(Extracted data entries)

◆ ◆ ◆ ◆ ◆

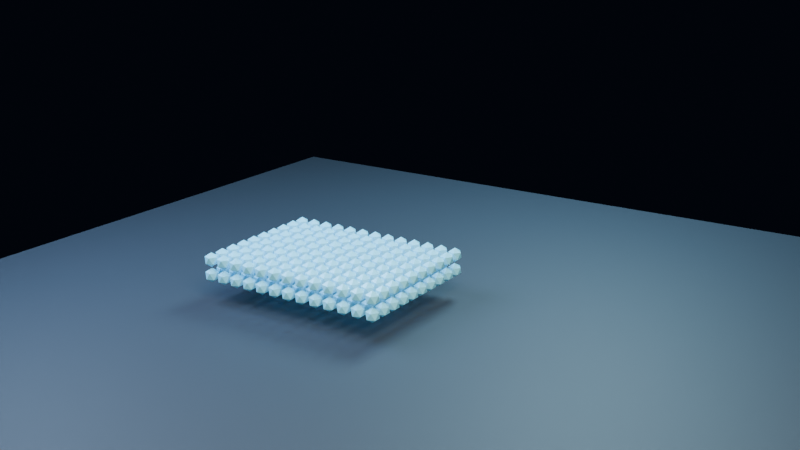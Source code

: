 # Source: sph-sample-tilted-surge.blend  (saved by Blender 4.0.36; exported with 4.5.12 LTS)
import bpy
from mathutils import Matrix  # noqa: F401  (used for matrix-valued properties, if any)

bpy.ops.wm.read_factory_settings(use_empty=True)
scene = bpy.context.scene
scene.name = 'Scene'

# ---- collections
col_collection = bpy.data.collections.new('Collection'); scene.collection.children.link(col_collection)

# ---- materials (node trees are filled in below, after node groups)
mat_sphwater = bpy.data.materials.new('SPHWater')
mat_sphwater.use_transparent_shadow = False
mat_floor = bpy.data.materials.new('Floor')
mat_floor.use_transparent_shadow = False

# ---- node groups
ng_sph_lightweight_points = bpy.data.node_groups.new('SPH Lightweight Points', 'GeometryNodeTree')
_s = ng_sph_lightweight_points.interface.new_socket(name='Geometry', in_out='OUTPUT', socket_type='NodeSocketGeometry')
_s = ng_sph_lightweight_points.interface.new_socket(name='Geometry', in_out='INPUT', socket_type='NodeSocketGeometry')
ng_sph_lightweight_points.is_modifier = True
# nodes of 'SPH Lightweight Points' reference scene objects; filled in after objects exist

# ---- material node trees
mat_sphwater.use_nodes = True; mat_sphwater.node_tree.nodes.clear()
_N = mat_sphwater.node_tree.nodes; _L = mat_sphwater.node_tree.links
n0 = _N.new('ShaderNodeBsdfPrincipled'); n0.name = 'Principled BSDF'; n0.location = (10, 300)
n0.inputs[0].default_value = (0.2, 0.72, 0.95, 1.0)
n0.inputs[1].default_value = 0.05
n0.inputs[2].default_value = 0.28
n0.inputs[3].default_value = 1.45
n0.inputs[27].default_value = (0.2, 0.72, 0.95, 1.0)
n0.inputs[28].default_value = 0.08
n1 = _N.new('ShaderNodeOutputMaterial'); n1.name = 'Material Output'; n1.location = (300, 300)
_L.new(n0.outputs[0], n1.inputs[0])
n1.is_active_output = True
mat_floor.use_nodes = True; mat_floor.node_tree.nodes.clear()
_N = mat_floor.node_tree.nodes; _L = mat_floor.node_tree.links
n0 = _N.new('ShaderNodeBsdfPrincipled'); n0.name = 'Principled BSDF'; n0.location = (10, 300)
n0.inputs[0].default_value = (0.025, 0.035, 0.05, 1.0)
n0.inputs[1].default_value = 0.05
n0.inputs[2].default_value = 0.6
n0.inputs[3].default_value = 1.45
n0.inputs[27].default_value = (0.025, 0.035, 0.05, 1.0)
n0.inputs[28].default_value = 0.08
n1 = _N.new('ShaderNodeOutputMaterial'); n1.name = 'Material Output'; n1.location = (300, 300)
_L.new(n0.outputs[0], n1.inputs[0])
n1.is_active_output = True

# ---- world
world_world = bpy.data.worlds.new('World'); scene.world = world_world
world_world.use_nodes = True; world_world.node_tree.nodes.clear()
_N = world_world.node_tree.nodes; _L = world_world.node_tree.links
n0 = _N.new('ShaderNodeOutputWorld'); n0.name = 'World Output'; n0.location = (300, 300)
n1 = _N.new('ShaderNodeBackground'); n1.name = 'Background'; n1.location = (10, 300)
n1.inputs[0].default_value = (0.006, 0.01, 0.022, 1.0)
n1.inputs[1].default_value = 0.24
_L.new(n1.outputs[0], n0.inputs[0])
n0.is_active_output = True
world_world.color = (0.05088, 0.05088, 0.05088)
world_world.use_sun_shadow = False
world_world.sun_shadow_jitter_overblur = 0.0

# ---- cameras
cam_camera_001 = bpy.data.cameras.new('Camera.001')

# ---- lights
light_key = bpy.data.lights.new('Key', 'AREA')
light_key.color = (1.0, 0.8, 0.64)
light_key.transmission_factor = 0.0
light_key.energy = 950.0
light_key.shadow_maximum_resolution = 0.006
light_key.use_absolute_resolution = True
light_key.shape = 'DISK'
light_key.size = 4.0
light_fill = bpy.data.lights.new('Fill', 'AREA')
light_fill.color = (0.44, 0.66, 1.0)
light_fill.transmission_factor = 0.0
light_fill.energy = 600.0
light_fill.shadow_maximum_resolution = 0.006
light_fill.use_absolute_resolution = True
light_fill.shape = 'DISK'
light_fill.size = 3.5
light_rim = bpy.data.lights.new('Rim', 'AREA')
light_rim.color = (0.42, 0.8, 1.0)
light_rim.transmission_factor = 0.0
light_rim.energy = 750.0
light_rim.shadow_maximum_resolution = 0.006
light_rim.use_absolute_resolution = True
light_rim.shape = 'DISK'
light_rim.size = 3.0

# ---- meshes
me_sphpoints = bpy.data.meshes.new('SPHPoints')
me_sphpoints.from_pydata([(-1.51, -0.37, 0.38), (-1.51, -0.51, 0.38), (-1.51, -0.65, 0.38), (-1.37, -0.37, 0.38), (-1.23, -0.51, 0.38), (-1.37, -0.51, 0.38), (-1.23, -0.37, 0.38), (-1.09, -0.37, 0.38), (-1.09, -0.51, 0.38), (-0.95, -0.37, 0.38), (-0.95, -0.51, 0.38), (-1.23, -0.65, 0.38), (-1.37, -0.65, 0.38), (-1.09, -0.65, 0.38), (-0.95, -0.65, 0.38), (-0.81, -0.37, 0.38), (-0.67, -0.51, 0.38), (-0.67, -0.37, 0.38), (-0.81, -0.51, 0.38), (-0.39, -0.37, 0.38), (-0.53, -0.51, 0.38), (-0.53, -0.37, 0.38), (-0.39, -0.51, 0.38), (-0.81, -0.65, 0.38), (-0.67, -0.65, 0.38), (-0.39, -0.65, 0.38), (-0.53, -0.65, 0.38), (-0.11, -0.51, 0.38), (-0.11, -0.37, 0.38), (-0.25, -0.51, 0.38), (-0.25, -0.37, 0.38), (0.17, -0.37, 0.38), (0.17, -0.51, 0.38), (0.03, -0.37, 0.38), (0.03, -0.51, 0.38), (-0.11, -0.65, 0.38), (-0.25, -0.65, 0.38), (0.17, -0.65, 0.38), (0.03, -0.65, 0.38), (-1.51, -0.51, 0.24), (-1.51, -0.37, 0.24), (-1.51, -0.65, 0.24), (-1.23, -0.37, 0.24), (-1.23, -0.51, 0.24), (-1.37, -0.51, 0.24), (-1.37, -0.37, 0.24), (-1.09, -0.51, 0.24), (-1.09, -0.37, 0.24), (-0.95, -0.51, 0.24), (-0.95, -0.37, 0.24), (-1.37, -0.65, 0.24), (-1.23, -0.65, 0.24), (-1.09, -0.65, 0.24), (-0.95, -0.65, 0.24), (-0.67, -0.37, 0.24), (-0.81, -0.51, 0.24), (-0.81, -0.37, 0.24), (-0.67, -0.51, 0.24), (-0.53, -0.51, 0.24), (-0.39, -0.51, 0.24), (-0.39, -0.37, 0.24), (-0.53, -0.37, 0.24), (-0.67, -0.65, 0.24), (-0.81, -0.65, 0.24), (-0.53, -0.65, 0.24), (-0.39, -0.65, 0.24), (-0.25, -0.51, 0.24), (-0.11, -0.51, 0.24), (-0.25, -0.37, 0.24), (-0.11, -0.37, 0.24), (0.03, -0.51, 0.24), (0.17, -0.37, 0.24), (0.03, -0.37, 0.24), (0.17, -0.51, 0.24), (-0.11, -0.65, 0.24), (-0.25, -0.65, 0.24), (0.03, -0.65, 0.24), (0.17, -0.65, 0.24), (-1.51, 0.61, 0.38), (-1.51, 0.47, 0.38), (-1.51, 0.33, 0.38), (-1.37, 0.61, 0.38), (-1.23, 0.61, 0.38), (-0.95, 0.61, 0.38), (-1.09, 0.61, 0.38), (-1.37, 0.47, 0.38), (-1.37, 0.33, 0.38), (-1.23, 0.33, 0.38), (-1.23, 0.47, 0.38), (-1.09, 0.33, 0.38), (-0.95, 0.33, 0.38), (-0.95, 0.47, 0.38), (-1.09, 0.47, 0.38), (-1.51, 0.05, 0.38), (-1.51, 0.19, 0.38), (-1.51, -0.23, 0.38), (-1.51, -0.09, 0.38), (-1.23, 0.19, 0.38), (-1.23, 0.05, 0.38), (-1.37, 0.19, 0.38), (-1.37, 0.05, 0.38), (-0.95, 0.05, 0.38), (-0.95, 0.19, 0.38), (-1.09, 0.05, 0.38), (-1.09, 0.19, 0.38), (-1.23, -0.23, 0.38), (-1.23, -0.09, 0.38), (-1.37, -0.09, 0.38), (-1.37, -0.23, 0.38), (-1.09, -0.23, 0.38), (-0.95, -0.23, 0.38), (-0.95, -0.09, 0.38), (-1.09, -0.09, 0.38), (-0.67, 0.61, 0.38), (-0.81, 0.61, 0.38), (-0.39, 0.61, 0.38), (-0.53, 0.61, 0.38), (-0.81, 0.33, 0.38), (-0.81, 0.47, 0.38), (-0.67, 0.33, 0.38), (-0.67, 0.47, 0.38), (-0.39, 0.47, 0.38), (-0.39, 0.33, 0.38), (-0.53, 0.33, 0.38), (-0.53, 0.47, 0.38), (-0.25, 0.61, 0.38), (-0.11, 0.61, 0.38), (0.03, 0.61, 0.38), (0.17, 0.61, 0.38), (-0.11, 0.47, 0.38), (-0.25, 0.47, 0.38), (-0.25, 0.33, 0.38), (-0.11, 0.33, 0.38), (0.17, 0.47, 0.38), (0.17, 0.33, 0.38), (0.03, 0.33, 0.38), (0.03, 0.47, 0.38), (-0.67, 0.19, 0.38), (-0.67, 0.05, 0.38), (-0.81, 0.19, 0.38), (-0.81, 0.05, 0.38), (-0.39, 0.19, 0.38), (-0.39, 0.05, 0.38), (-0.53, 0.19, 0.38), (-0.53, 0.05, 0.38), (-0.67, -0.09, 0.38), (-0.81, -0.23, 0.38), (-0.67, -0.23, 0.38), (-0.81, -0.09, 0.38), (-0.53, -0.09, 0.38), (-0.53, -0.23, 0.38), (-0.39, -0.23, 0.38), (-0.39, -0.09, 0.38), (-0.25, 0.19, 0.38), (-0.11, 0.19, 0.38), (-0.11, 0.05, 0.38), (-0.25, 0.05, 0.38), (0.17, 0.05, 0.38), (0.03, 0.19, 0.38), (0.03, 0.05, 0.38), (0.17, 0.19, 0.38), (-0.25, -0.09, 0.38), (-0.11, -0.23, 0.38), (-0.11, -0.09, 0.38), (-0.25, -0.23, 0.38), (0.17, -0.09, 0.38), (0.03, -0.09, 0.38), (0.03, -0.23, 0.38), (0.17, -0.23, 0.38), (-1.51, 0.61, 0.24), (-1.51, 0.33, 0.24), (-1.51, 0.47, 0.24), (-1.23, 0.61, 0.24), (-1.37, 0.61, 0.24), (-1.09, 0.61, 0.24), (-0.95, 0.61, 0.24), (-1.37, 0.47, 0.24), (-1.37, 0.33, 0.24), (-1.23, 0.47, 0.24), (-1.23, 0.33, 0.24), (-0.95, 0.47, 0.24), (-1.09, 0.47, 0.24), (-1.09, 0.33, 0.24), (-0.95, 0.33, 0.24), (-1.51, 0.05, 0.24), (-1.51, 0.19, 0.24), (-1.51, -0.09, 0.24), (-1.51, -0.23, 0.24), (-1.23, 0.05, 0.24), (-1.23, 0.19, 0.24), (-1.37, 0.05, 0.24), (-1.37, 0.19, 0.24), (-0.95, 0.19, 0.24), (-1.09, 0.05, 0.24), (-0.95, 0.05, 0.24), (-1.09, 0.19, 0.24), (-1.37, -0.23, 0.24), (-1.37, -0.09, 0.24), (-1.23, -0.23, 0.24), (-1.23, -0.09, 0.24), (-1.09, -0.23, 0.24), (-0.95, -0.23, 0.24), (-0.95, -0.09, 0.24), (-1.09, -0.09, 0.24), (-0.81, 0.61, 0.24), (-0.67, 0.61, 0.24), (-0.53, 0.61, 0.24), (-0.39, 0.61, 0.24), (-0.81, 0.33, 0.24), (-0.81, 0.47, 0.24), (-0.67, 0.33, 0.24), (-0.67, 0.47, 0.24), (-0.53, 0.33, 0.24), (-0.53, 0.47, 0.24), (-0.39, 0.33, 0.24), (-0.39, 0.47, 0.24), (-0.25, 0.61, 0.24), (-0.11, 0.61, 0.24), (0.03, 0.61, 0.24), (0.17, 0.61, 0.24), (-0.25, 0.47, 0.24), (-0.25, 0.33, 0.24), (-0.11, 0.47, 0.24), (-0.11, 0.33, 0.24), (0.03, 0.47, 0.24), (0.03, 0.33, 0.24), (0.17, 0.33, 0.24), (0.17, 0.47, 0.24), (-0.81, 0.19, 0.24), (-0.81, 0.05, 0.24), (-0.67, 0.05, 0.24), (-0.67, 0.19, 0.24), (-0.39, 0.19, 0.24), (-0.39, 0.05, 0.24), (-0.53, 0.19, 0.24), (-0.53, 0.05, 0.24), (-0.81, -0.09, 0.24), (-0.81, -0.23, 0.24), (-0.67, -0.23, 0.24), (-0.67, -0.09, 0.24), (-0.53, -0.09, 0.24), (-0.53, -0.23, 0.24), (-0.39, -0.09, 0.24), (-0.39, -0.23, 0.24), (-0.25, 0.19, 0.24), (-0.25, 0.05, 0.24), (-0.11, 0.05, 0.24), (-0.11, 0.19, 0.24), (0.03, 0.19, 0.24), (0.03, 0.05, 0.24), (0.17, 0.05, 0.24), (0.17, 0.19, 0.24), (-0.11, -0.23, 0.24), (-0.11, -0.09, 0.24), (-0.25, -0.23, 0.24), (-0.25, -0.09, 0.24), (0.03, -0.09, 0.24), (0.03, -0.23, 0.24), (0.17, -0.23, 0.24), (0.17, -0.09, 0.24)], [], [])
me_sphpoints.update()
me_icosphere = bpy.data.meshes.new('Icosphere')
me_icosphere.from_pydata([(0.0, 0.0, -0.065), (0.04703, -0.03417, -0.02907), (-0.01797, -0.05529, -0.02907), (-0.05814, 0.0, -0.02907), (-0.01797, 0.05529, -0.02907), (0.04703, 0.03417, -0.02907), (0.01797, -0.05529, 0.02907), (-0.04703, -0.03417, 0.02907), (-0.04703, 0.03417, 0.02907), (0.01797, 0.05529, 0.02907), (0.05814, 0.0, 0.02907), (0.0, 0.0, 0.065)], [], [(0, 1, 2), (1, 0, 5), (0, 2, 3), (0, 3, 4), (0, 4, 5), (1, 5, 10), (2, 1, 6), (3, 2, 7), (4, 3, 8), (5, 4, 9), (1, 10, 6), (2, 6, 7), (3, 7, 8), (4, 8, 9), (5, 9, 10), (6, 10, 11), (7, 6, 11), (8, 7, 11), (9, 8, 11), (10, 9, 11)])
_uv = me_icosphere.uv_layers.new(name='UVMap')
_uv.uv.foreach_set('vector', [0.1818, 0.0, 0.2727, 0.1575, 0.09091, 0.1575, 0.2727, 0.1575, 0.3636, 0.0, 0.4545, 0.1575, 0.9091, 0.0, 1.0, 0.1575, 0.8182, 0.1575, 0.7273, 0.0, 0.8182, 0.1575, 0.6364, 0.1575, 0.5455, 0.0, 0.6364, 0.1575, 0.4545, 0.1575, 0.2727, 0.1575, 0.4545, 0.1575, 0.3636, 0.3149, 0.09091, 0.1575, 0.2727, 0.1575, 0.1818, 0.3149, 0.8182, 0.1575, 1.0, 0.1575, 0.9091, 0.3149, 0.6364, 0.1575, 0.8182, 0.1575, 0.7273, 0.3149, 0.4545, 0.1575, 0.6364, 0.1575, 0.5455, 0.3149, 0.2727, 0.1575, 0.3636, 0.3149, 0.1818, 0.3149, 0.09091, 0.1575, 0.1818, 0.3149, 0.0, 0.3149, 0.8182, 0.1575, 0.9091, 0.3149, 0.7273, 0.3149, 0.6364, 0.1575, 0.7273, 0.3149, 0.5455, 0.3149, 0.4545, 0.1575, 0.5455, 0.3149, 0.3636, 0.3149, 0.1818, 0.3149, 0.3636, 0.3149, 0.2727, 0.4724, 0.0, 0.3149, 0.1818, 0.3149, 0.09091, 0.4724, 0.7273, 0.3149, 0.9091, 0.3149, 0.8182, 0.4724, 0.5455, 0.3149, 0.7273, 0.3149, 0.6364, 0.4724, 0.3636, 0.3149, 0.5455, 0.3149, 0.4545, 0.4724])
me_icosphere.materials.append(mat_sphwater)
me_icosphere.update()
me_plane = bpy.data.meshes.new('Plane')
me_plane.from_pydata([(-4.0, -4.0, 0.0), (4.0, -4.0, 0.0), (-4.0, 4.0, 0.0), (4.0, 4.0, 0.0)], [], [(0, 1, 3, 2)])
_uv = me_plane.uv_layers.new(name='UVMap')
_uv.uv.foreach_set('vector', [0.0, 0.0, 1.0, 0.0, 1.0, 1.0, 0.0, 1.0])
me_plane.materials.append(mat_floor)
me_plane.update()

# ---- objects
ob_sphpoints = bpy.data.objects.new('SPHPoints', me_sphpoints)
ob_sphpointprototype = bpy.data.objects.new('SPHPointPrototype', me_icosphere)
ob_floor = bpy.data.objects.new('Floor', me_plane)
ob_key = bpy.data.objects.new('Key', light_key)
ob_fill = bpy.data.objects.new('Fill', light_fill)
ob_rim = bpy.data.objects.new('Rim', light_rim)
ob_camera = bpy.data.objects.new('Camera', cam_camera_001)
_N = ng_sph_lightweight_points.nodes; _L = ng_sph_lightweight_points.links
n0 = _N.new('NodeGroupInput'); n0.name = 'Group Input'; n0.location = (-600, 0)
n1 = _N.new('NodeGroupOutput'); n1.name = 'Group Output'; n1.location = (520, 0)
n2 = _N.new('GeometryNodeMeshToPoints'); n2.name = 'Mesh to Points'; n2.location = (-380, 0)
n3 = _N.new('GeometryNodeObjectInfo'); n3.name = 'Object Info'; n3.location = (-360, -220)
n3.inputs[0].default_value = ob_sphpointprototype
n4 = _N.new('GeometryNodeInstanceOnPoints'); n4.name = 'Instance on Points'; n4.location = (-80, 0)
n5 = _N.new('GeometryNodeRealizeInstances'); n5.name = 'Realize Instances'; n5.location = (250, 0)
_L.new(n0.outputs[0], n2.inputs[0])
_L.new(n2.outputs[0], n4.inputs[0])
_L.new(n3.outputs[4], n4.inputs[2])
_L.new(n4.outputs[0], n5.inputs[0])
_L.new(n5.outputs[0], n1.inputs[0])
n1.is_active_output = True

# ---- transforms, parenting, visibility, modifiers, constraints
ob_sphpoints.location = (0.0, 0.0, 0.0)
_m = ob_sphpoints.modifiers.new('MeshSequenceCache', 'MESH_SEQUENCE_CACHE')
_m.object_path = '/SPHPoints'
_m.use_vertex_interpolation = False
_m = ob_sphpoints.modifiers.new('SPH Points via Geometry Nodes', 'NODES')
_m.node_group = ng_sph_lightweight_points
ob_sphpointprototype.location = (0.0, 0.0, -10.0)
ob_sphpointprototype.hide_render = True
ob_sphpointprototype.display_type = 'WIRE'
ob_floor.location = (0.0, 0.0, 0.0)
ob_key.location = (3.8, -4.0, 5.5)
ob_key.rotation_euler = (0.86, -8.177e-09, 0.7598)
ob_fill.location = (-3.4, -1.5, 4.0)
ob_fill.rotation_euler = (0.8522, -1.175e-07, -1.155)
ob_rim.location = (0.0, 4.2, 5.0)
ob_rim.rotation_euler = (0.7795, 6.145e-08, 3.142)
ob_camera.location = (4.8, -7.3, 3.5)
ob_camera.rotation_euler = (1.269, -8.784e-09, 0.5817)

# ---- collection membership
col_collection.objects.link(ob_sphpoints)
col_collection.objects.link(ob_sphpointprototype)
col_collection.objects.link(ob_floor)
col_collection.objects.link(ob_key)
col_collection.objects.link(ob_fill)
col_collection.objects.link(ob_rim)
col_collection.objects.link(ob_camera)

# ---- scene / render settings (as saved in the file)
scene.camera = ob_camera
scene.frame_start = 1; scene.frame_end = 25; scene.frame_set(1)
scene.render.engine = 'BLENDER_EEVEE_NEXT'
scene.render.image_settings.file_format = 'FFMPEG'
scene.render.image_settings.color_mode = 'RGB'
scene.render.resolution_x = 640
scene.render.resolution_y = 360
scene.render.fps = 12
scene.cycles.sampling_pattern = 'TABULATED_SOBOL'
bpy.context.view_layer.update()

◆ ◆ ◆ ◆ ◆

Exercise:
Send back an exact copy of only the lines from the line with "# ---- cameras" up to and including the line with "light_key.energy = 950.0" in the data above.

Exercise response:
# ---- cameras
cam_camera_001 = bpy.data.cameras.new('Camera.001')

# ---- lights
light_key = bpy.data.lights.new('Key', 'AREA')
light_key.color = (1.0, 0.8, 0.64)
light_key.transmission_factor = 0.0
light_key.energy = 950.0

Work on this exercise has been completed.